By 22.07.16BlogAugust 28th, 2020No Comments

A piece by Stefan Stern in the Financial Times on 21.7.2016

It could be a long, hot summer in the boardroom. Not because of economic or political uncertainty: that is a “known unknown”, for which some preparation can be made. No, the reason boards will come under pressure is that the apple cart of corporate governance has just been turned upside down by the new prime minister of the UK.

In a campaign speech made only hours before succeeding to the Conservative party leadership, Theresa May set out some challenging ambitions. She assessed the current state of governance in FTSE boardrooms, and found it wanting.

“The people who run big businesses are supposed to be accountable to outsiders, to non-executive directors, who are supposed to ask the difficult questions, think about the long term and defend the interests of shareholders,” she said.

“In practice, they are drawn from the same narrow social and professional circles as the executive team and — as we have seen time and time again — the scrutiny they provide is just not good enough.
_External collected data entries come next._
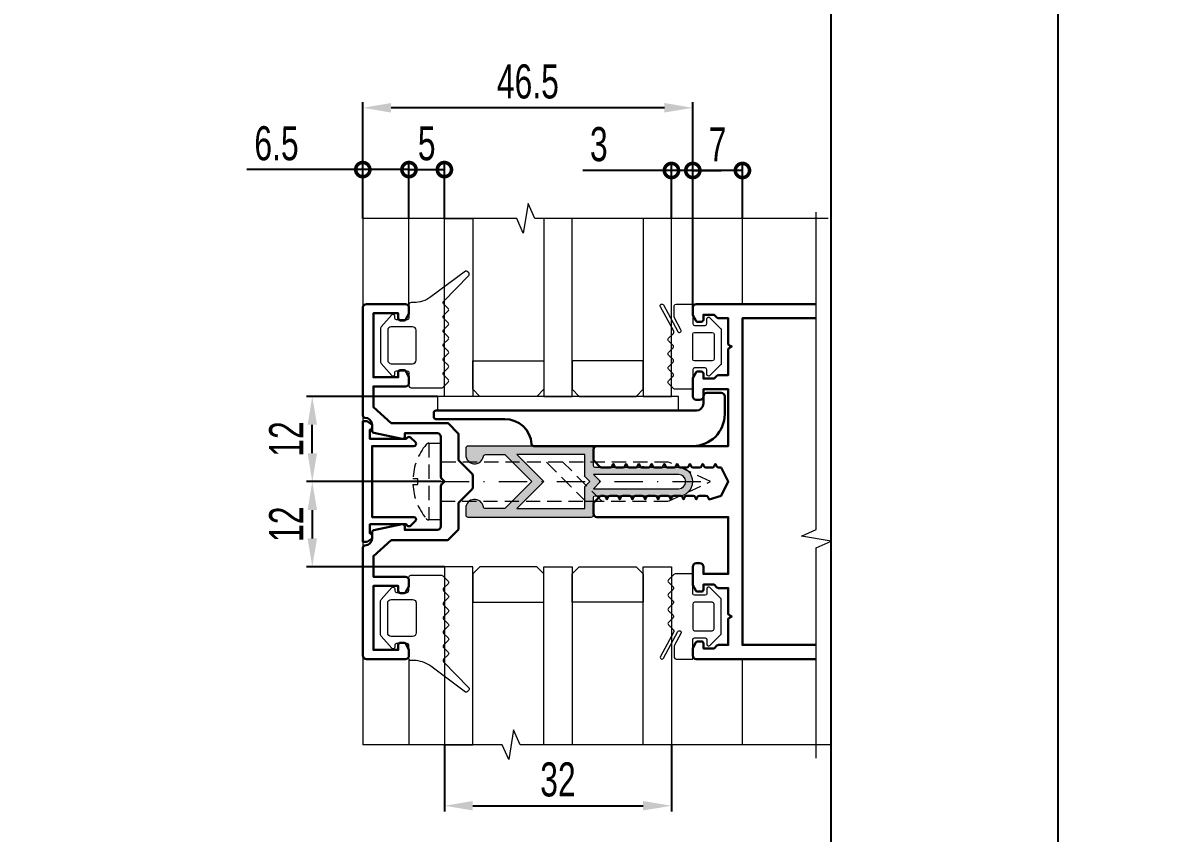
# Model space of a CAD drawing. Extents: x -37 to 8820, y -336 to 478.
# Drawn here: x 7468.8 to 7569.9, y 141.6 to 212.9 of the extents above; entities that cross this region are included whole.
import ezdxf

# ---------------------------------------------------------------- set-up
doc = ezdxf.new("R2010")
doc.units = 0
doc.header["$LTSCALE"] = 5
doc.linetypes.add('DASHDOT', pattern=[1, 0.5, -0.25, 0, -0.25])
doc.linetypes.add('HIDDEN', pattern=[0.375, 0.25, -0.125])
doc.layers.get('0').update_dxf_attribs({"linetype": 'CONTINUOUS', "lineweight": 30})
doc.layers.get('DEFPOINTS').update_dxf_attribs({"linetype": 'CONTINUOUS'})
for name, color, linetype, lineweight in [('1', 6, 'DASHDOT', 13), ('2', 3, 'HIDDEN', 13), ('3', 1, 'CONTINUOUS', 20), ('Dimentions', 5, 'CONTINUOUS', 15), ('Glass', 5, 'CONTINUOUS', 20), ('Зигзаг', 1, 'CONTINUOUS', 15), ('Конструкции', 252, 'CONTINUOUS', 20), ('Подкладки', 1, 'CONTINUOUS', 20), ('Уплотнители', 1, 'CONTINUOUS', 20), ('Штриховка', 1, 'CONTINUOUS', 5)]:
    doc.layers.add(name, color=color, linetype=linetype, lineweight=lineweight)
doc.layers.add('Скрытые', color=14, linetype='CONTINUOUS', plot=False)
doc.styles.add('3', font='RUSS.SHX', dxfattribs={"width": 0.7, "height": 3})
doc.styles.add('4', font='RUSS.shx', dxfattribs={"width": 0.7, "height": 3.5})
doc.dimstyles.new('MX1_6', dxfattribs={"dimtxt": 3, "dimasz": 2.5, "dimexe": 0.5, "dimexo": 0, "dimgap": 0.8, "dimtad": 1, "dimlfac": 1.6, "dimdsep": 46, "dimtxsty": '3', "dimcen": 0, "dimclrd": 256, "dimclre": 256, "dimclrt": 256, "dimaunit": 1, "dimadec": 0, "dimazin": 0, "dimtfac": 1, "dimtmove": 0, "dimatfit": 1, "dimfxl": 1, "dimtvp": 1, "dimtolj": 1, "dimtzin": 0, "dimarcsym": 0})

# ---------------------------------------------------------------- blocks, each defined once
blk = doc.blocks.new('_DotSmall')
at = {"color": 0, "linetype": 'ByBlock', "const_width": 0.5}
blk.add_lwpolyline([(-0.0625, 0, 1), (0.0625, 0, 1)], format="xyb", close=True, dxfattribs=at)
blk = doc.blocks.new('*D250')
at = {"layer": 'DEFPOINTS', "color": 0, "linetype": 'Continuous', "transparency": 16777216}
for p in [(7527.82, 199.89), (7525.94, 195.67), (7527.82, 187.82)]:
    blk.add_point(p, dxfattribs=at)
at = {"layer": 'Dimentions', "linetype": 'Continuous', "lineweight": -2, "transparency": 16777216}
for p, q in [((7525.94, 195.67), (7525.94, 200.39)), ((7527.82, 187.82), (7527.82, 200.39)), ((7525.94, 199.89), (7518.14, 199.89)), ((7527.82, 199.89), (7525.94, 199.89)), ((7527.82, 199.89), (7530.32, 199.89))]:
    blk.add_line(p, q, dxfattribs=at)
at = {"layer": 'Dimentions', "linetype": 'Continuous', "lineweight": -2, "transparency": 16777216, "xscale": 2.5, "yscale": 2.5, "zscale": 2.5}
blk.add_blockref('_DotSmall', (7525.94, 199.89), dxfattribs=at)
at = {"layer": 'Dimentions', "linetype": 'Continuous', "lineweight": -2, "transparency": 16777216, "xscale": 2.5, "yscale": 2.5, "zscale": 2.5, "rotation": 180}
blk.add_blockref('_DotSmall', (7527.82, 199.89), dxfattribs=at)
at = {"layer": 'Dimentions', "linetype": 'Continuous', "transparency": 16777216, "insert": (7519.54, 202.19), "char_height": 3, "attachment_point": 5, "style": '3'}
blk.add_mtext('\\A1;3', dxfattribs=at)
blk = doc.blocks.new('*D251')
at = {"layer": 'DEFPOINTS', "color": 0, "linetype": 'Continuous', "transparency": 16777216}
for p in [(7498.75, 205.41), (7498.75, 195.67), (7527.82, 195.67)]:
    blk.add_point(p, dxfattribs=at)
at = {"layer": 'Dimentions', "linetype": 'Continuous', "lineweight": -2, "transparency": 16777216}
for p, q in [((7498.75, 195.67), (7498.75, 205.91)), ((7525.32, 205.41), (7501.25, 205.41)), ((7527.82, 195.67), (7527.82, 205.91))]:
    blk.add_line(p, q, dxfattribs=at)
at = {"layer": 'Dimentions', "linetype": 'Continuous', "transparency": 16777216}
for points in [[(7501.25, 205.83), (7501.25, 204.99), (7498.75, 205.41)], [(7525.32, 205.83), (7525.32, 204.99), (7527.82, 205.41)]]:
    blk.add_solid(points, dxfattribs=at)
at = {"layer": 'Dimentions', "linetype": 'Continuous', "transparency": 16777216, "insert": (7513.29, 207.71), "char_height": 3, "attachment_point": 5, "style": '3'}
blk.add_mtext('\\A1;46.5', dxfattribs=at)
blk = doc.blocks.new('*D252')
at = {"layer": 'DEFPOINTS', "color": 0, "linetype": 'Continuous', "transparency": 16777216}
for p in [(7505.94, 149.36), (7525.94, 149.36), (7525.94, 143.98)]:
    blk.add_point(p, dxfattribs=at)
at = {"layer": 'Dimentions', "linetype": 'Continuous', "lineweight": -2, "transparency": 16777216}
for p, q in [((7505.94, 149.36), (7505.94, 143.48)), ((7525.94, 149.36), (7525.94, 143.48)), ((7508.44, 143.98), (7523.44, 143.98))]:
    blk.add_line(p, q, dxfattribs=at)
at = {"layer": 'Dimentions', "linetype": 'Continuous', "transparency": 16777216}
for points in [[(7508.44, 144.4), (7508.44, 143.57), (7505.94, 143.98)], [(7523.44, 144.4), (7523.44, 143.57), (7525.94, 143.98)]]:
    blk.add_solid(points, dxfattribs=at)
at = {"layer": 'Dimentions', "linetype": 'Continuous', "transparency": 16777216, "insert": (7515.94, 146.28), "char_height": 3, "attachment_point": 5, "style": '3'}
blk.add_mtext('\\A1;32', dxfattribs=at)
blk = doc.blocks.new('*D253')
at = {"layer": 'DEFPOINTS', "color": 0, "linetype": 'Continuous', "transparency": 16777216}
for p in [(7505.94, 199.97), (7502.82, 195.67), (7505.94, 195.67)]:
    blk.add_point(p, dxfattribs=at)
at = {"layer": 'Dimentions', "linetype": 'Continuous', "lineweight": -2, "transparency": 16777216}
for p, q in [((7502.82, 195.67), (7502.82, 200.47)), ((7505.94, 195.67), (7505.94, 200.47)), ((7502.82, 199.97), (7505.94, 199.97))]:
    blk.add_line(p, q, dxfattribs=at)
at = {"layer": 'Dimentions', "linetype": 'Continuous', "lineweight": -2, "transparency": 16777216, "xscale": 2.5, "yscale": 2.5, "zscale": 2.5, "rotation": 180}
blk.add_blockref('_DotSmall', (7502.82, 199.97), dxfattribs=at)
at = {"layer": 'Dimentions', "linetype": 'Continuous', "lineweight": -2, "transparency": 16777216, "xscale": 2.5, "yscale": 2.5, "zscale": 2.5}
blk.add_blockref('_DotSmall', (7505.94, 199.97), dxfattribs=at)
at = {"layer": 'Dimentions', "linetype": 'Continuous', "transparency": 16777216, "insert": (7504.38, 202.27), "char_height": 3, "attachment_point": 5, "style": '3'}
blk.add_mtext('\\A1;5', dxfattribs=at)
blk = doc.blocks.new('*D254')
at = {"layer": 'DEFPOINTS', "color": 0, "linetype": 'Continuous', "transparency": 16777216}
for p in [(7527.82, 199.89), (7527.82, 195.67), (7532.19, 195.67)]:
    blk.add_point(p, dxfattribs=at)
at = {"layer": 'Dimentions', "linetype": 'Continuous', "lineweight": -2, "transparency": 16777216}
for p, q in [((7527.82, 195.67), (7527.82, 200.39)), ((7532.19, 195.67), (7532.19, 200.39)), ((7532.19, 199.89), (7527.82, 199.89))]:
    blk.add_line(p, q, dxfattribs=at)
at = {"layer": 'Dimentions', "linetype": 'Continuous', "lineweight": -2, "transparency": 16777216, "xscale": 2.5, "yscale": 2.5, "zscale": 2.5, "rotation": 180}
blk.add_blockref('_DotSmall', (7527.82, 199.89), dxfattribs=at)
at = {"layer": 'Dimentions', "linetype": 'Continuous', "lineweight": -2, "transparency": 16777216, "xscale": 2.5, "yscale": 2.5, "zscale": 2.5}
blk.add_blockref('_DotSmall', (7532.19, 199.89), dxfattribs=at)
at = {"layer": 'Dimentions', "linetype": 'Continuous', "transparency": 16777216, "insert": (7530, 202.19), "char_height": 3, "attachment_point": 5, "style": '3'}
blk.add_mtext('\\A1;7', dxfattribs=at)
blk = doc.blocks.new('KP45571')
at = {"lineweight": -2, "flags": 128}
blk.add_lwpolyline([(6.21, -5.01, -0.414214), (6.21, -5.44), (5.54, -6.11, -0.668179), (5, -5.88), (5, 0), (-5, 0), (-5, -5.88, -0.668179), (-5.54, -6.11), (-6.21, -5.44, -0.414214), (-6.21, -5.01), (-6, -4.8), (-6, 0.3), (-7.3, 0.3), (-7.3, 0.3, -0.414214), (-7.6, 0), (-8, 0), (-8.5, 0.7), (-8.5, 1.3), (8.5, 1.3), (8.5, 0.7), (8, 0), (7.6, 0, -0.414214), (7.3, 0.3), (6, 0.3), (6, -4.8)], format="xyb", close=True, dxfattribs=at)
at = {"layer": '3', "style": '4', "width": 0.7, "flags": 3}
blk.add_attdef('КП45571', (0, 1.3), '', height=3.5, dxfattribs=at)
blk = doc.blocks.new('*D256')
at = {"layer": 'DEFPOINTS', "color": 0, "linetype": 'Continuous', "transparency": 16777216}
for p in [(7498.75, 199.97), (7498.75, 196.1), (7502.82, 196.21)]:
    blk.add_point(p, dxfattribs=at)
at = {"layer": 'Dimentions', "linetype": 'Continuous', "lineweight": -2, "transparency": 16777216}
for p, q in [((7498.75, 196.1), (7498.75, 200.47)), ((7502.82, 196.21), (7502.82, 200.47)), ((7498.75, 199.97), (7488.55, 199.97)), ((7502.82, 199.97), (7498.75, 199.97)), ((7502.82, 199.97), (7505.32, 199.97))]:
    blk.add_line(p, q, dxfattribs=at)
at = {"layer": 'Dimentions', "linetype": 'Continuous', "lineweight": -2, "transparency": 16777216, "xscale": 2.5, "yscale": 2.5, "zscale": 2.5}
blk.add_blockref('_DotSmall', (7498.75, 199.97), dxfattribs=at)
at = {"layer": 'Dimentions', "linetype": 'Continuous', "lineweight": -2, "transparency": 16777216, "xscale": 2.5, "yscale": 2.5, "zscale": 2.5, "rotation": 180}
blk.add_blockref('_DotSmall', (7502.82, 199.97), dxfattribs=at)
at = {"layer": 'Dimentions', "linetype": 'Continuous', "transparency": 16777216, "insert": (7491.15, 202.27), "char_height": 3, "attachment_point": 5, "style": '3'}
blk.add_mtext('\\A1;6.5', dxfattribs=at)
blk = doc.blocks.new('*D257')
at = {"layer": 'DEFPOINTS', "color": 0, "transparency": 16777216}
for p in [(7494.3, 180.01), (7505.32, 180.01), (7505.63, 172.51)]:
    blk.add_point(p, dxfattribs=at)
at = {"layer": 'Dimentions', "lineweight": -2, "transparency": 16777216}
for p, q in [((7505.32, 180.01), (7493.8, 180.01)), ((7494.3, 175.01), (7494.3, 177.51)), ((7505.63, 172.51), (7493.8, 172.51))]:
    blk.add_line(p, q, dxfattribs=at)
at = {"layer": 'Dimentions', "transparency": 16777216}
for points in [[(7493.89, 177.51), (7494.72, 177.51), (7494.3, 180.01)], [(7493.89, 175.01), (7494.72, 175.01), (7494.3, 172.51)]]:
    blk.add_solid(points, dxfattribs=at)
at = {"layer": 'Dimentions', "transparency": 16777216, "insert": (7492, 176.26), "char_height": 3, "attachment_point": 5, "rotation": 90, "style": '3'}
blk.add_mtext('\\A1;12', dxfattribs=at)
blk = doc.blocks.new('*D258')
at = {"layer": 'DEFPOINTS', "color": 0, "transparency": 16777216}
for p in [(7505.63, 172.51), (7494.3, 165.01), (7505.94, 165.01)]:
    blk.add_point(p, dxfattribs=at)
at = {"layer": 'Dimentions', "lineweight": -2, "transparency": 16777216}
for p, q in [((7505.63, 172.51), (7493.8, 172.51)), ((7494.3, 170.01), (7494.3, 167.51)), ((7505.94, 165.01), (7493.8, 165.01))]:
    blk.add_line(p, q, dxfattribs=at)
at = {"layer": 'Dimentions', "transparency": 16777216}
for points in [[(7493.89, 170.01), (7494.72, 170.01), (7494.3, 172.51)], [(7493.89, 167.51), (7494.72, 167.51), (7494.3, 165.01)]]:
    blk.add_solid(points, dxfattribs=at)
at = {"layer": 'Dimentions', "transparency": 16777216, "insert": (7492, 168.76), "char_height": 3, "attachment_point": 5, "rotation": 90, "style": '3'}
blk.add_mtext('\\A1;12', dxfattribs=at)

msp = doc.modelspace()

# ---------------------------------------------------------------- hatches: boundary and pattern name
at = {"layer": 'Штриховка'}
h = msp.add_hatch(color=256, dxfattribs=at)
h.dxf.hatch_style = 1
edge = h.paths.add_edge_path(flags=16)
edge.add_line((7519.692, 172.5119), (7519.067, 171.8869))
edge.add_line((7519.067, 171.8869), (7526.567, 171.8869))
edge.add_arc((7526.567, 172.5119), 0.625, 270, 450)
edge.add_line((7526.567, 173.1369), (7519.067, 173.1369))
edge.add_line((7519.067, 173.1369), (7519.692, 172.5119))
h.paths.add_polyline_path([(7518.317, 172.0726), (7518.7563, 172.5119), (7518.317, 172.9512), (7518.317, 174.8869), (7512.3151, 174.8869), (7514.6901, 172.5119), (7512.3151, 170.1369), (7518.317, 170.1369)], flags=16)
edge = h.paths.add_edge_path()
edge.add_line((7519.067, 169.5744), (7519.067, 171.1056))
edge.add_arc((7519.2232, 171.1056), 0.1562, 90, 180, ccw=False)
edge.add_line((7519.2232, 171.2619), (7523.317, 171.2619))
edge.add_arc((7523.442, 171.3556), 0.1562, 216.869898, 323.130102)
edge.add_line((7523.567, 171.2619), (7526.567, 171.2619))
edge.add_arc((7526.567, 172.5119), 1.25, 270, 450)
edge.add_line((7526.567, 173.7619), (7523.567, 173.7619))
edge.add_arc((7523.442, 173.6681), 0.1562, 36.869898, 143.130102)
edge.add_line((7523.317, 173.7619), (7519.2232, 173.7619))
edge.add_arc((7519.2232, 173.9181), 0.1562, 180, 270, ccw=False)
edge.add_line((7519.067, 173.9181), (7519.067, 175.4494))
edge.add_arc((7518.8795, 175.4494), 0.1875, 0, 90)
edge.add_line((7518.8795, 175.6369), (7508.0045, 175.6369))
edge.add_arc((7508.0045, 175.4494), 0.1875, 90, 180)
edge.add_line((7507.817, 175.4494), (7507.817, 174.8556))
edge.add_arc((7508.5982, 174.8556), 0.7812, 180, 350.718201)
edge.add_arc((7509.5543, 174.6994), 0.1875, 90, 170.718201, ccw=False)
edge.add_line((7509.5543, 174.8869), (7511.2545, 174.8869))
edge.add_line((7511.2545, 174.8869), (7513.6295, 172.5119))
edge.add_line((7513.6295, 172.5119), (7511.2545, 170.1369))
edge.add_line((7511.2545, 170.1369), (7509.5543, 170.1369))
edge.add_arc((7509.5543, 170.3244), 0.1875, 189.281799, 270, ccw=False)
edge.add_arc((7508.5982, 170.1681), 0.7812, 9.281799, 180)
edge.add_line((7507.817, 170.1681), (7507.817, 169.5744))
edge.add_arc((7508.0045, 169.5744), 0.1875, 180, 270)
edge.add_line((7508.0045, 169.3869), (7518.8795, 169.3869))
edge.add_arc((7518.8795, 169.5744), 0.1875, 270, 360)

# ---------------------------------------------------------------- linework, layer by layer
for points in [[(7501.8795, 162.8869, 0.41421356), (7502.067, 162.6994), (7502.3886, 162.6994, 0.28407904), (7502.5563, 162.803), (7502.7972, 163.2848, 0.11643382), (7502.817, 163.3687), (7502.817, 163.8244, 0.41421356), (7502.5045, 164.1369), (7499.692, 164.1369), (7499.692, 165.9494), (7501.2545, 167.3556), (7506.1768, 167.3556, 0.19891237), (7506.3094, 167.4106), (7507.1371, 168.2382, 0.19891237), (7507.192, 168.3708), (7507.192, 170.6369), (7508.3871, 171.832, 0.19891237), (7508.442, 171.9646), (7508.442, 173.0592, 0.19891237), (7508.3871, 173.1918), (7507.192, 174.3869), (7507.192, 176.653, 0.19891237), (7507.1371, 176.7856), (7506.3094, 177.6132, 0.19891237), (7506.1768, 177.6681), (7501.2545, 177.6681), (7499.692, 179.0744), (7499.692, 180.8869), (7502.5045, 180.8869, 0.41421356), (7502.817, 181.1994), (7502.817, 181.6551, 0.11643382), (7502.7972, 181.739), (7502.5563, 182.2207, 0.28407904), (7502.3886, 182.3244), (7502.067, 182.3244, 0.41421356), (7501.8795, 182.1369), (7501.8795, 181.6994), (7499.692, 181.6994), (7499.692, 187.3244), (7501.8795, 187.3244), (7501.8795, 186.8869, 0.41421356), (7502.067, 186.6994), (7502.3886, 186.6994, 0.28407904), (7502.5563, 186.803), (7502.7972, 187.2848, 0.11643382), (7502.817, 187.3687), (7502.817, 187.8244, 0.41421356), (7502.5045, 188.1369), (7499.067, 188.1369, 0.41421356), (7498.7545, 187.8244), (7498.7545, 178.3244, 0.41421356), (7498.942, 178.1369, -0.41421356), (7499.567, 177.5119), (7499.567, 176.9808, 0.35411857), (7499.7155, 176.7974), (7502.2155, 176.266, 0.47697553), (7502.442, 176.4494), (7502.442, 176.7619), (7505.317, 176.7619, -0.41421356), (7505.6295, 176.4494), (7505.6295, 172.9021, 0.19891237), (7505.6844, 172.7695), (7505.942, 172.5119), (7505.6844, 172.2543, 0.19891237), (7505.6295, 172.1217), (7505.6295, 168.5744, -0.41421356), (7505.317, 168.2619), (7502.442, 168.2619), (7502.442, 168.5744, 0.47697553), (7502.2155, 168.7578), (7499.7155, 168.2264, 0.35411857), (7499.567, 168.043), (7499.567, 167.5119, -0.41421356), (7498.942, 166.8869, 0.41421356), (7498.7545, 166.6994), (7498.7545, 157.1994, 0.41421356), (7499.067, 156.8869), (7502.5045, 156.8869, 0.41421356), (7502.817, 157.1994), (7502.817, 157.6551, 0.11643382), (7502.7972, 157.739), (7502.5563, 158.2207, 0.28407904), (7502.3886, 158.3244), (7502.067, 158.3244, 0.41421356), (7501.8795, 158.1369), (7501.8795, 157.6994), (7499.692, 157.6994), (7499.692, 163.3244), (7501.8795, 163.3244)], [(7511.2545, 178.0119), (7505.192, 178.0119, -0.41421356), (7505.0045, 178.1994), (7505.0045, 178.5744, -0.41421356), (7505.192, 178.7619), (7528.1295, 178.7619, 0.41421356), (7528.7545, 179.3869), (7528.7545, 180.0119, -0.41421356), (7529.067, 180.3244), (7530.317, 180.3244, -0.41421356), (7530.6295, 180.0119), (7530.6295, 178.4494, -0.41421356), (7527.817, 175.6369), (7513.8101, 175.6369, -0.39292227), (7513.6231, 175.8107, 0.39292227)]]:
    msp.add_lwpolyline(points, format="xyb", close=True)
msp.add_lwpolyline([(7538.6821, 156.8869), (7528.1295, 156.8869, -0.41421356), (7527.817, 157.1994), (7527.817, 157.7801, -0.11643382), (7527.8368, 157.864), (7528.0777, 158.3457, -0.28407904), (7528.2454, 158.4494), (7528.567, 158.4494, -0.41421356), (7528.7545, 158.2619), (7528.7545, 157.8244), (7529.692, 157.8244), (7529.9496, 158.082, -0.19891237), (7530.0821, 158.1369), (7530.942, 158.1369), (7530.942, 160.3648, -0.28407904), (7531.0456, 160.5325), (7531.2545, 160.6369), (7531.0456, 160.7413, -0.28407904), (7530.942, 160.909), (7530.942, 163.1369), (7530.0821, 163.1369, -0.19891237), (7529.9496, 163.1918), (7529.692, 163.4494), (7528.7545, 163.4494), (7528.7545, 163.0119, -0.41421356), (7528.567, 162.8244), (7528.2454, 162.8244, -0.28407904), (7528.0777, 162.928), (7527.8368, 163.4098, -0.11643382), (7527.817, 163.4937), (7527.817, 165.0119, -0.41421356), (7528.1295, 165.3244), (7528.442, 165.3244, -0.41421356), (7528.7545, 165.0119), (7528.7545, 164.3869), (7530.942, 164.3869), (7530.942, 169.3869), (7519.3795, 169.3869, -0.41421356), (7519.067, 169.6994), (7519.067, 170.5592, -0.19891237), (7519.1219, 170.6918), (7519.6371, 171.207, -0.19891237), (7519.7696, 171.2619), (7519.9823, 171.2619, -0.28407904), (7520.15, 171.1582), (7520.2545, 170.9494), (7520.3589, 171.1582, -0.28407904), (7520.5266, 171.2619), (7521.1073, 171.2619, -0.28407904), (7521.275, 171.1582), (7521.3795, 170.9494), (7521.4839, 171.1582, -0.28407904), (7521.6516, 171.2619), (7522.2323, 171.2619, -0.28407904), (7522.4, 171.1582), (7522.5045, 170.9494), (7522.6089, 171.1582, -0.28407904), (7522.7766, 171.2619), (7523.3573, 171.2619, -0.28407904), (7523.525, 171.1582), (7523.6295, 170.9494), (7523.7339, 171.1582, -0.28407904), (7523.9016, 171.2619), (7524.4823, 171.2619, -0.28407904), (7524.65, 171.1582), (7524.7545, 170.9494), (7524.8589, 171.1582, -0.28407904), (7525.0266, 171.2619), (7525.6073, 171.2619, -0.28407904), (7525.775, 171.1582), (7525.8795, 170.9494), (7525.9839, 171.1582, -0.28407904), (7526.1516, 171.2619), (7526.7323, 171.2619, -0.28407904), (7526.9, 171.1582), (7527.0045, 170.9494), (7527.1089, 171.1582, -0.28407904), (7527.2766, 171.2619), (7527.8573, 171.2619, -0.28407904), (7528.025, 171.1582), (7528.1295, 170.9494), (7528.2339, 171.1582, -0.28407904), (7528.4016, 171.2619), (7528.9823, 171.2619, -0.28407904), (7529.15, 171.1582), (7529.2545, 170.9494), (7530.317, 171.2619), (7530.942, 172.5119), (7530.317, 173.7619), (7530.0891, 173.7619, -0.28407904), (7529.9214, 173.8655), (7529.817, 174.0744), (7529.7125, 173.8655, -0.28407904), (7529.5448, 173.7619), (7528.9641, 173.7619, -0.28407904), (7528.7964, 173.8655), (7528.692, 174.0744), (7528.5875, 173.8655, -0.28407904), (7528.4198, 173.7619), (7527.8391, 173.7619, -0.28407904), (7527.6714, 173.8655), (7527.567, 174.0744), (7527.4625, 173.8655, -0.28407904), (7527.2948, 173.7619), (7526.7141, 173.7619, -0.28407904), (7526.5464, 173.8655), (7526.442, 174.0744), (7526.3375, 173.8655, -0.28407904), (7526.1698, 173.7619), (7525.5891, 173.7619, -0.28407904), (7525.4214, 173.8655), (7525.317, 174.0744), (7525.2125, 173.8655, -0.28407904), (7525.0448, 173.7619), (7524.4641, 173.7619, -0.28407904), (7524.2964, 173.8655), (7524.192, 174.0744), (7524.0875, 173.8655, -0.28407904), (7523.9198, 173.7619), (7523.3391, 173.7619, -0.28407904), (7523.1714, 173.8655), (7523.067, 174.0744), (7522.9625, 173.8655, -0.28407904), (7522.7948, 173.7619), (7522.2141, 173.7619, -0.28407904), (7522.0464, 173.8655), (7521.942, 174.0744), (7521.8375, 173.8655, -0.28407904), (7521.6698, 173.7619), (7521.0891, 173.7619, -0.28407904), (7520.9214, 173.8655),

So if I’m prime minister, we’re going to change that system — and we’re going to have not just consumers represented on company boards, but employees as well.”

Top pay was also in her sights. “There is an irrational, unhealthy and growing gap between what these companies pay their workers and what they pay their bosses,” she added. “I want to make shareholder votes on corporate pay not just advisory but binding. I want to see more transparency, including the full disclosure of bonus targets and the publication of ‘pay multiple’ data: that is, the ratio between the CEO’s pay and the average company worker’s pay. And I want to simplify the way bonuses are paid so that the bosses’ incentives are better aligned with the long-term interests of the company and its shareholders.”

This is big stuff. It is, in truth, a stunning rebuke to the process of corporate governance reform seen in the UK over the past two decades. The new prime minister has said out loud what others have mumbled only in private: our current system is not working and has to be radically reformed.

There will be pushback, of course. But others are speaking up on the need for change. Tom Gosling, a partner at PwC, says that if those involved in setting top pay do not improve the system soon, “the matter will be taken out of our hands”.

There is a new chief executive in charge of the UK’s Conservative government, and she appears to mean business.

Big changes are coming and boards have to get ready. Paradoxically, this is no time to be a conservative.